Available data:
=== Begin Enclosure ===

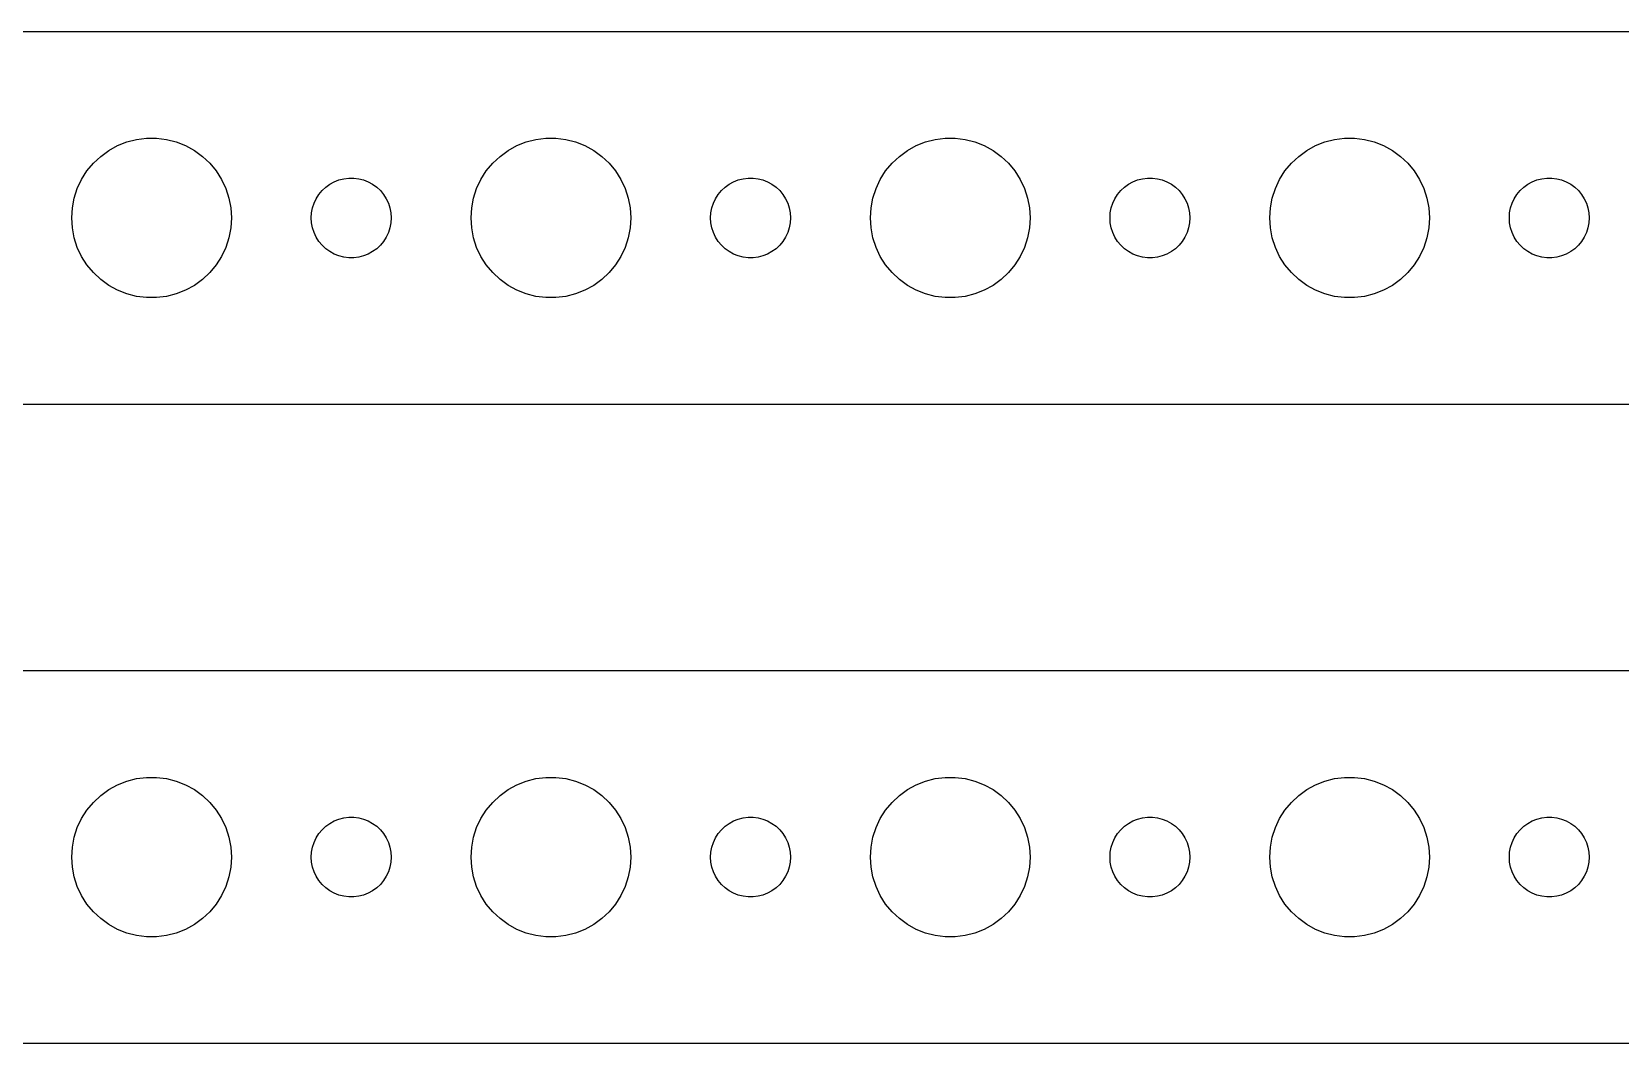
# Model space of a CAD drawing. Header units: metres. Extents: x -224 to 224, y 41 to 79.
# Drawn here: x 108 to 167.7, y 41 to 79 of the extents above; entities that cross this region are included whole.
import ezdxf

# ---------------------------------------------------------------- set-up
doc = ezdxf.new("R2010")
doc.units = ezdxf.units.M

msp = doc.modelspace()

# ---------------------------------------------------------------- linework, layer by layer
for p, q in [((219.814, 78.9901), (-219.814, 78.9901)), ((110.893, 74.533), (111.223, 74.7145)), ((111.223, 74.7145), (111.573, 74.8532)), ((111.573, 74.8532), (111.938, 74.9469)), ((111.938, 74.9469), (112.312, 74.9941)), ((112.312, 74.9941), (112.688, 74.9941)), ((112.688, 74.9941), (113.062, 74.9469)), ((113.062, 74.9469), (113.427, 74.8532)), ((113.427, 74.8532), (113.777, 74.7145)), ((113.777, 74.7145), (114.107, 74.533)), ((125.893, 74.533), (126.223, 74.7145)), ((126.223, 74.7145), (126.573, 74.8532)), ((126.573, 74.8532), (126.938, 74.9469)), ((126.938, 74.9469), (127.312, 74.9941)), ((127.312, 74.9941), (127.688, 74.9941)), ((127.688, 74.9941), (128.062, 74.9469)), ((128.062, 74.9469), (128.427, 74.8532)), ((128.427, 74.8532), (128.777, 74.7145)), ((128.777, 74.7145), (129.107, 74.533)), ((140.893, 74.533), (141.223, 74.7145)), ((141.223, 74.7145), (141.573, 74.8532)), ((141.573, 74.8532), (141.938, 74.9469)), ((141.938, 74.9469), (142.312, 74.9941)), ((142.312, 74.9941), (142.688, 74.9941)), ((142.688, 74.9941), (143.062, 74.9469)), ((143.062, 74.9469), (143.427, 74.8532)), ((143.427, 74.8532), (143.777, 74.7145)), ((143.777, 74.7145), (144.107, 74.533)), ((155.893, 74.533), (156.223, 74.7145)), ((156.223, 74.7145), (156.573, 74.8532)), ((156.573, 74.8532), (156.938, 74.9469)), ((156.938, 74.9469), (157.312, 74.9941)), ((157.312, 74.9941), (157.688, 74.9941)), ((157.688, 74.9941), (158.062, 74.9469)), ((158.062, 74.9469), (158.427, 74.8532)), ((158.427, 74.8532), (158.777, 74.7145)), ((158.777, 74.7145), (159.107, 74.533)), ((110.073, 73.7634), (110.313, 74.0536)), ((110.313, 74.0536), (110.588, 74.3115)), ((110.588, 74.3115), (110.893, 74.533)), ((114.107, 74.533), (114.412, 74.3115)), ((114.412, 74.3115), (114.687, 74.0536)), ((114.687, 74.0536), (114.927, 73.7634)), ((125.073, 73.7634), (125.313, 74.0536)), ((125.313, 74.0536), (125.588, 74.3115)), ((125.588, 74.3115), (125.893, 74.533)), ((129.107, 74.533), (129.412, 74.3115)), ((129.412, 74.3115), (129.687, 74.0536)), ((129.687, 74.0536), (129.927, 73.7634)), ((140.073, 73.7634), (140.313, 74.0536)), ((140.313, 74.0536), (140.588, 74.3115)), ((140.588, 74.3115), (140.893, 74.533)), ((144.107, 74.533), (144.412, 74.3115)), ((144.412, 74.3115), (144.687, 74.0536)), ((144.687, 74.0536), (144.927, 73.7634)), ((155.073, 73.7634), (155.313, 74.0536)), ((155.313, 74.0536), (155.588, 74.3115)), ((155.588, 74.3115), (155.893, 74.533)), ((159.107, 74.533), (159.412, 74.3115)), ((159.412, 74.3115), (159.687, 74.0536)), ((159.687, 74.0536), (159.927, 73.7634)), ((109.711, 73.1044), (109.871, 73.4453)), ((109.871, 73.4453), (110.073, 73.7634)), ((114.927, 73.7634), (115.129, 73.4453)), ((115.129, 73.4453), (115.289, 73.1044)), ((119.361, 73.3572), (119.536, 73.4266)), ((119.536, 73.4266), (119.719, 73.4734)), ((119.719, 73.4734), (119.906, 73.497)), ((119.906, 73.497), (120.094, 73.497)), ((120.094, 73.497), (120.281, 73.4734)), ((120.281, 73.4734), (120.464, 73.4266)), ((120.464, 73.4266), (120.639, 73.3572)), ((124.711, 73.1044), (124.871, 73.4453)), ((124.871, 73.4453), (125.073, 73.7634)), ((129.927, 73.7634), (130.129, 73.4453)), ((130.129, 73.4453), (130.289, 73.1044)), ((134.361, 73.3572), (134.536, 73.4266)), ((134.536, 73.4266), (134.719, 73.4734)), ((134.719, 73.4734), (134.906, 73.497)), ((134.906, 73.497), (135.094, 73.497)), ((135.094, 73.497), (135.281, 73.4734)), ((135.281, 73.4734), (135.464, 73.4266)), ((135.464, 73.4266), (135.639, 73.3572)), ((139.711, 73.1044), (139.871, 73.4453)), ((139.871, 73.4453), (140.073, 73.7634)), ((144.927, 73.7634), (145.129, 73.4453)), ((145.129, 73.4453), (145.289, 73.1044)), ((149.361, 73.3572), (149.536, 73.4266)), ((149.536, 73.4266), (149.719, 73.4734)), ((149.719, 73.4734), (149.906, 73.497)), ((149.906, 73.497), (150.094, 73.497)), ((150.094, 73.497), (150.281, 73.4734)), ((150.281, 73.4734), (150.464, 73.4266)), ((150.464, 73.4266), (150.639, 73.3572)), ((154.711, 73.1044), (154.871, 73.4453)), ((154.871, 73.4453), (155.073, 73.7634)), ((159.927, 73.7634), (160.129, 73.4453)), ((160.129, 73.4453), (160.289, 73.1044)), ((164.361, 73.3572), (164.536, 73.4266)), ((164.536, 73.4266), (164.719, 73.4734)), ((164.719, 73.4734), (164.906, 73.497)), ((164.906, 73.497), (165.094, 73.497)), ((165.094, 73.497), (165.281, 73.4734)), ((165.281, 73.4734), (165.464, 73.4266)), ((165.464, 73.4266), (165.639, 73.3572)), ((109.594, 72.7461), (109.711, 73.1044)), ((115.289, 73.1044), (115.406, 72.7461)), ((118.686, 72.7226), (118.786, 72.8817)), ((118.786, 72.8817), (118.907, 73.0268)), ((118.907, 73.0268), (119.044, 73.1558)), ((119.044, 73.1558), (119.196, 73.2665)), ((119.196, 73.2665), (119.361, 73.3572)), ((120.639, 73.3572), (120.804, 73.2665)), ((120.804, 73.2665), (120.956, 73.1558)), ((120.956, 73.1558), (121.093, 73.0268)), ((121.093, 73.0268), (121.214, 72.8817)), ((121.214, 72.8817), (121.314, 72.7226)), ((124.594, 72.7461), (124.711, 73.1044)), ((130.289, 73.1044), (130.406, 72.7461)), ((133.686, 72.7226), (133.786, 72.8817)), ((133.786, 72.8817), (133.907, 73.0268)), ((133.907, 73.0268), (134.044, 73.1558)), ((134.044, 73.1558), (134.196, 73.2665)), ((134.196, 73.2665), (134.361, 73.3572)), ((135.639, 73.3572), (135.804, 73.2665)), ((135.804, 73.2665), (135.956, 73.1558)), ((135.956, 73.1558), (136.093, 73.0268)), ((136.093, 73.0268), (136.214, 72.8817)), ((136.214, 72.8817), (136.314, 72.7226)), ((139.594, 72.7461), (139.711, 73.1044)), ((145.289, 73.1044), (145.406, 72.7461)), ((148.686, 72.7226), (148.786, 72.8817)), ((148.786, 72.8817), (148.907, 73.0268)), ((148.907, 73.0268), (149.044, 73.1558)), ((149.044, 73.1558), (149.196, 73.2665)), ((149.196, 73.2665), (149.361, 73.3572)), ((150.639, 73.3572), (150.804, 73.2665)), ((150.804, 73.2665), (150.956, 73.1558)), ((150.956, 73.1558), (151.093, 73.0268)), ((151.093, 73.0268), (151.214, 72.8817)), ((151.214, 72.8817), (151.314, 72.7226)), ((154.594, 72.7461), (154.711, 73.1044)), ((160.289, 73.1044), (160.406, 72.7461)), ((163.686, 72.7226), (163.786, 72.8817)), ((163.786, 72.8817), (163.907, 73.0268)), ((163.907, 73.0268), (164.044, 73.1558)), ((164.044, 73.1558), (164.196, 73.2665)), ((164.196, 73.2665), (164.361, 73.3572)), ((165.639, 73.3572), (165.804, 73.2665)), ((165.804, 73.2665), (165.956, 73.1558)), ((165.956, 73.1558), (166.093, 73.0268)), ((166.093, 73.0268), (166.214, 72.8817)), ((166.214, 72.8817), (166.314, 72.7226)), ((109.5, 72), (109.524, 72.376)), ((109.524, 72.376), (109.594, 72.7461)), ((115.406, 72.7461), (115.476, 72.376)), ((115.476, 72.376), (115.5, 72)), ((118.512, 72.188), (118.547, 72.373)), ((118.547, 72.373), (118.605, 72.5522)), ((118.605, 72.5522), (118.686, 72.7226)), ((121.314, 72.7226), (121.395, 72.5522)), ((121.395, 72.5522), (121.453, 72.373)), ((121.453, 72.373), (121.488, 72.188)), ((124.5, 72), (124.524, 72.376)), ((124.524, 72.376), (124.594, 72.7461)), ((130.406, 72.7461), (130.476, 72.376)), ((130.476, 72.376), (130.5, 72)), ((133.512, 72.188), (133.547, 72.373)), ((133.547, 72.373), (133.605, 72.5522)), ((133.605, 72.5522), (133.686, 72.7226)), ((136.314, 72.7226), (136.395, 72.5522)), ((136.395, 72.5522), (136.453, 72.373)), ((136.453, 72.373), (136.488, 72.188)), ((139.5, 72), (139.524, 72.376)), ((139.524, 72.376), (139.594, 72.7461)), ((145.406, 72.7461), (145.476, 72.376)), ((145.476, 72.376), (145.5, 72)), ((148.512, 72.188), (148.547, 72.373)), ((148.547, 72.373), (148.605, 72.5522)), ((148.605, 72.5522), (148.686, 72.7226)), ((151.314, 72.7226), (151.395, 72.5522)), ((151.395, 72.5522), (151.453, 72.373)), ((151.453, 72.373), (151.488, 72.188)), ((154.5, 72), (154.524, 72.376)), ((154.524, 72.376), (154.594, 72.7461)), ((160.406, 72.7461), (160.476, 72.376)), ((160.476, 72.376), (160.5, 72)), ((163.512, 72.188), (163.547, 72.373)), ((163.547, 72.373), (163.605, 72.5522)), ((163.605, 72.5522), (163.686, 72.7226)), ((166.314, 72.7226), (166.395, 72.5522)), ((166.395, 72.5522), (166.453, 72.373)), ((166.453, 72.373), (166.488, 72.188)), ((109.524, 71.624), (109.5, 72)), ((109.594, 71.2539), (109.524, 71.624)), ((115.476, 71.624), (115.406, 71.2539)), ((115.5, 72), (115.476, 71.624)), ((118.5, 72), (118.512, 72.188)), ((118.512, 71.812), (118.5, 72)), ((118.547, 71.627), (118.512, 71.812)), ((118.605, 71.4478), (118.547, 71.627)), ((121.453, 71.627), (121.395, 71.4478)), ((121.488, 71.812), (121.453, 71.627)), ((121.488, 72.188), (121.5, 72)), ((121.5, 72), (121.488, 71.812)), ((124.524, 71.624), (124.5, 72)), ((124.594, 71.2539), (124.524, 71.624)), ((130.476, 71.624), (130.406, 71.2539)), ((130.5, 72), (130.476, 71.624)), ((133.5, 72), (133.512, 72.188)), ((133.512, 71.812), (133.5, 72)), ((133.547, 71.627), (133.512, 71.812)), ((133.605, 71.4478), (133.547, 71.627)), ((136.453, 71.627), (136.395, 71.4478)), ((136.488, 71.812), (136.453, 71.627)), ((136.488, 72.188), (136.5, 72)), ((136.5, 72), (136.488, 71.812)), ((139.524, 71.624), (139.5, 72)), ((139.594, 71.2539), (139.524, 71.624)), ((145.476, 71.624), (145.406, 71.2539)), ((145.5, 72), (145.476, 71.624)), ((148.5, 72), (148.512, 72.188)), ((148.512, 71.812), (148.5, 72)), ((148.547, 71.627), (148.512, 71.812)), ((148.605, 71.4478), (148.547, 71.627)), ((151.453, 71.627), (151.395, 71.4478)), ((151.488, 71.812), (151.453, 71.627)), ((151.488, 72.188), (151.5, 72)), ((151.5, 72), (151.488, 71.812)), ((154.524, 71.624), (154.5, 72)), ((154.594, 71.2539), (154.524, 71.624)), ((160.476, 71.624), (160.406, 71.2539)), ((160.5, 72), (160.476, 71.624)), ((163.5, 72), (163.512, 72.188)), ((163.512, 71.812), (163.5, 72)), ((163.547, 71.627), (163.512, 71.812)), ((163.605, 71.4478), (163.547, 71.627)), ((166.453, 71.627), (166.395, 71.4478)), ((166.488, 71.812), (166.453, 71.627)), ((166.488, 72.188), (166.5, 72)), ((166.5, 72), (166.488, 71.812)), ((109.711, 70.8956), (109.594, 71.2539)), ((115.406, 71.2539), (115.289, 70.8956)), ((118.686, 71.2774), (118.605, 71.4478)), ((118.786, 71.1183), (118.686, 71.2774)), ((118.907, 70.9732), (118.786, 71.1183)), ((121.214, 71.1183), (121.093, 70.9732)), ((121.314, 71.2774), (121.214, 71.1183)), ((121.395, 71.4478), (121.314, 71.2774)), ((124.711, 70.8956), (124.594, 71.2539)), ((130.406, 71.2539), (130.289, 70.8956)), ((133.686, 71.2774), (133.605, 71.4478)), ((133.786, 71.1183), (133.686, 71.2774)), ((133.907, 70.9732), (133.786, 71.1183)), ((136.214, 71.1183), (136.093, 70.9732)), ((136.314, 71.2774), (136.214, 71.1183)), ((136.395, 71.4478), (136.314, 71.2774)), ((139.711, 70.8956), (139.594, 71.2539)), ((145.406, 71.2539), (145.289, 70.8956)), ((148.686, 71.2774), (148.605, 71.4478)), ((148.786, 71.1183), (148.686, 71.2774)), ((148.907, 70.9732), (148.786, 71.1183)), ((151.214, 71.1183), (151.093, 70.9732)), ((151.314, 71.2774), (151.214, 71.1183)), ((151.395, 71.4478), (151.314, 71.2774)), ((154.711, 70.8956), (154.594, 71.2539)), ((160.406, 71.2539), (160.289, 70.8956)), ((163.686, 71.2774), (163.605, 71.4478)), ((163.786, 71.1183), (163.686, 71.2774)), ((163.907, 70.9732), (163.786, 71.1183)), ((166.214, 71.1183), (166.093, 70.9732)), ((166.314, 71.2774), (166.214, 71.1183)), ((166.395, 71.4478), (166.314, 71.2774)), ((109.871, 70.5547), (109.711, 70.8956)), ((110.073, 70.2366), (109.871, 70.5547)), ((115.129, 70.5547), (114.927, 70.2366)), ((115.289, 70.8956), (115.129, 70.5547)), ((119.044, 70.8442), (118.907, 70.9732)), ((119.196, 70.7335), (119.044, 70.8442)), ((119.361, 70.6428), (119.196, 70.7335)), ((119.536, 70.5734), (119.361, 70.6428)), ((119.719, 70.5266), (119.536, 70.5734)), ((119.906, 70.503), (119.719, 70.5266)), ((120.094, 70.503), (119.906, 70.503)), ((120.281, 70.5266), (120.094, 70.503)), ((120.464, 70.5734), (120.281, 70.5266)), ((120.639, 70.6428), (120.464, 70.5734)), ((120.804, 70.7335), (120.639, 70.6428)), ((120.956, 70.8442), (120.804, 70.7335)), ((121.093, 70.9732), (120.956, 70.8442)), ((124.871, 70.5547), (124.711, 70.8956)), ((125.073, 70.2366), (124.871, 70.5547)), ((130.129, 70.5547), (129.927, 70.2366)), ((130.289, 70.8956), (130.129, 70.5547)), ((134.044, 70.8442), (133.907, 70.9732)), ((134.196, 70.7335), (134.044, 70.8442)), ((134.361, 70.6428), (134.196, 70.7335)), ((134.536, 70.5734), (134.361, 70.6428)), ((134.719, 70.5266), (134.536, 70.5734)), ((134.906, 70.503), (134.719, 70.5266)), ((135.094, 70.503), (134.906, 70.503)), ((135.281, 70.5266), (135.094, 70.503)), ((135.464, 70.5734), (135.281, 70.5266)), ((135.639, 70.6428), (135.464, 70.5734)), ((135.804, 70.7335), (135.639, 70.6428)), ((135.956, 70.8442), (135.804, 70.7335)), ((136.093, 70.9732), (135.956, 70.8442)), ((139.871, 70.5547), (139.711, 70.8956)), ((140.073, 70.2366), (139.871, 70.5547)), ((145.129, 70.5547), (144.927, 70.2366)), ((145.289, 70.8956), (145.129, 70.5547)), ((149.044, 70.8442), (148.907, 70.9732)), ((149.196, 70.7335), (149.044, 70.8442)), ((149.361, 70.6428), (149.196, 70.7335)), ((149.536, 70.5734), (149.361, 70.6428)), ((149.719, 70.5266), (149.536, 70.5734)), ((149.906, 70.503), (149.719, 70.5266)), ((150.094, 70.503), (149.906, 70.503)), ((150.281, 70.5266), (150.094, 70.503)), ((150.464, 70.5734), (150.281, 70.5266)), ((150.639, 70.6428), (150.464, 70.5734)), ((150.804, 70.7335), (150.639, 70.6428)), ((150.956, 70.8442), (150.804, 70.7335)), ((151.093, 70.9732), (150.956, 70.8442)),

=== End Enclosure ===

The lines to copy are those above that contain the string "units".

# Model space of a CAD drawing. Header units: metres. Extents: x -224 to 224, y 41 to 79.
doc.units = ezdxf.units.M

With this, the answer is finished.